*Work to be completed*: This exercise calls for every line of the data below with the string "made" in it.

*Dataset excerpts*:
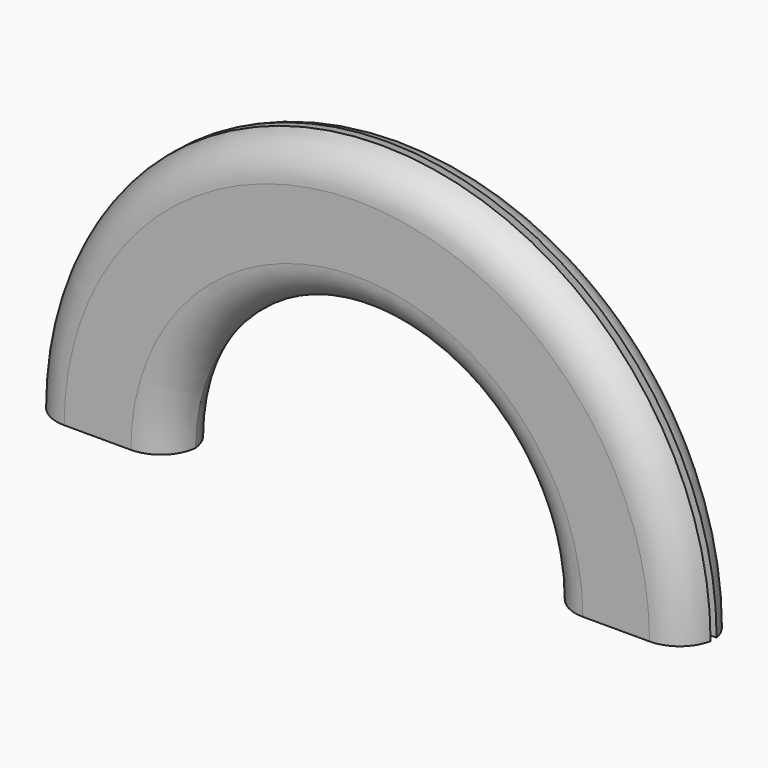
from build123d import *

# Parameters (mm, degrees)
F3_T2_ANGLE = 212.1305431318
F3_T4_ANGLE = 212.1305431318
F3_T6_ANGLE = 237.3879219603
F3_T8_ANGLE = 237.3879219603


# Not quite as in the source:
# - a fillet or chamfer that OpenCascade refuses, or shapes differently, is made with other operations: its cross-section is extruded or revolved along the edge and cut away or added


with BuildPart() as f2:
    # F2: sweep along a path in F0
    with BuildLine(Plane.XZ) as f2_path:
        ThreePointArc((-12.7, 0), (0, 12.7), (12.7, 0))
    # F1 (on Top) → F2 (sweep)
    with BuildSketch(Plane.XY):
        with BuildLine():
            Line((-12.7, -4.572), (-12.7, 0))
            Line((-12.7, 0), (-22.225, 0))
            Line((-22.225, 0), (-22.225, -2.032))
            Line((-22.225, -2.032), (-20.701, -2.032))
            Line((-20.701, -2.032), (-20.701, -1.651))
            Line((-20.701, -1.651), (-14.732, -1.651))
            Line((-14.732, -1.651), (-14.732, -2.921))
            Line((-14.732, -2.921), (-20.5930953096, -2.921))
            ThreePointArc((-20.5930953096, -2.921), (-20.6693954479, -2.8893954479), (-20.701, -2.8130953096))
            Line((-20.701, -2.8130953096), (-20.701, -2.54))
            Line((-20.701, -2.54), (-22.225, -2.54))
            Line((-22.225, -2.54), (-22.225, -4.572))
            Line((-22.225, -4.572), (-12.7, -4.572))
        make_face()
    sweep(path=f2_path.line)

    # F3: fillet of radius 2.54 on 4 edges, made by hand

    # F3_s1 → F3_t2 (revolve, cut)
    with BuildSketch(Plane(origin=(0, 0, 0), x_dir=(0, 1, 0), z_dir=(0.2767322496, 0, -0.9609470651))):
        with BuildLine():
            ThreePointArc((-2.54, -22.225), (-3.9994755399, -21.3427554727), (-4.572, -19.7363184213))
            Line((-4.572, -19.7363184213), (-4.572, -22.225))
            Line((-4.572, -22.225), (-2.54, -22.225))
        make_face()
    revolve(axis=Axis((0, -4.572, 0), (0, 1, 0)), revolution_arc=F3_T2_ANGLE, mode=Mode.SUBTRACT)

    # F3_s3 → F3_t4 (revolve, cut)
    with BuildSketch(Plane(origin=(0, 0, 0), x_dir=(0, 1, 0), z_dir=(0.2767322496, 0, -0.9609470651))):
        with BuildLine():
            ThreePointArc((0, -19.7363184213), (-0.5725244601, -21.3427554727), (-2.032, -22.225))
            Line((-2.032, -22.225), (0, -22.225))
            Line((0, -22.225), (0, -19.7363184213))
        make_face()
    revolve(axis=Axis((0, 0, 0), (0, 1, 0)), revolution_arc=F3_T4_ANGLE, mode=Mode.SUBTRACT)

    # F3_s5 → F3_t6 (revolve, cut)
    with BuildSketch(Plane(origin=(0, 0, 0), x_dir=(0, 1, 0), z_dir=(0.4801310429, 0, -0.8771967748))):
        with BuildLine():
            ThreePointArc((-2.032, -12.7), (-3.8280512242, -13.4439487758), (-4.572, -15.24))
            Line((-4.572, -15.24), (-4.572, -12.7))
            Line((-4.572, -12.7), (-2.032, -12.7))
        make_face()
    revolve(axis=Axis((0, -4.572, 0), (0, 1, 0)), revolution_arc=F3_T6_ANGLE, mode=Mode.SUBTRACT)

    # F3_s7 → F3_t8 (revolve, cut)
    with BuildSketch(Plane(origin=(0, 0, 0), x_dir=(0, 1, 0), z_dir=(0.4801310429, 0, -0.8771967748))):
        with BuildLine():
            ThreePointArc((-2.54, -12.7), (-0.7439487758, -13.4439487758), (0, -15.24))
            Line((0, -15.24), (0, -12.7))
            Line((0, -12.7), (-2.54, -12.7))
        make_face()
    revolve(axis=Axis((0, 0, 0), (0, 1, 0)), revolution_arc=F3_T8_ANGLE, mode=Mode.SUBTRACT)


solid = f2.part

*Answer space*:
# - a fillet or chamfer that OpenCascade refuses, or shapes differently, is made with other operations: its cross-section is extruded or revolved along the edge and cut away or added
    # F3: fillet of radius 2.54 on 4 edges, made by hand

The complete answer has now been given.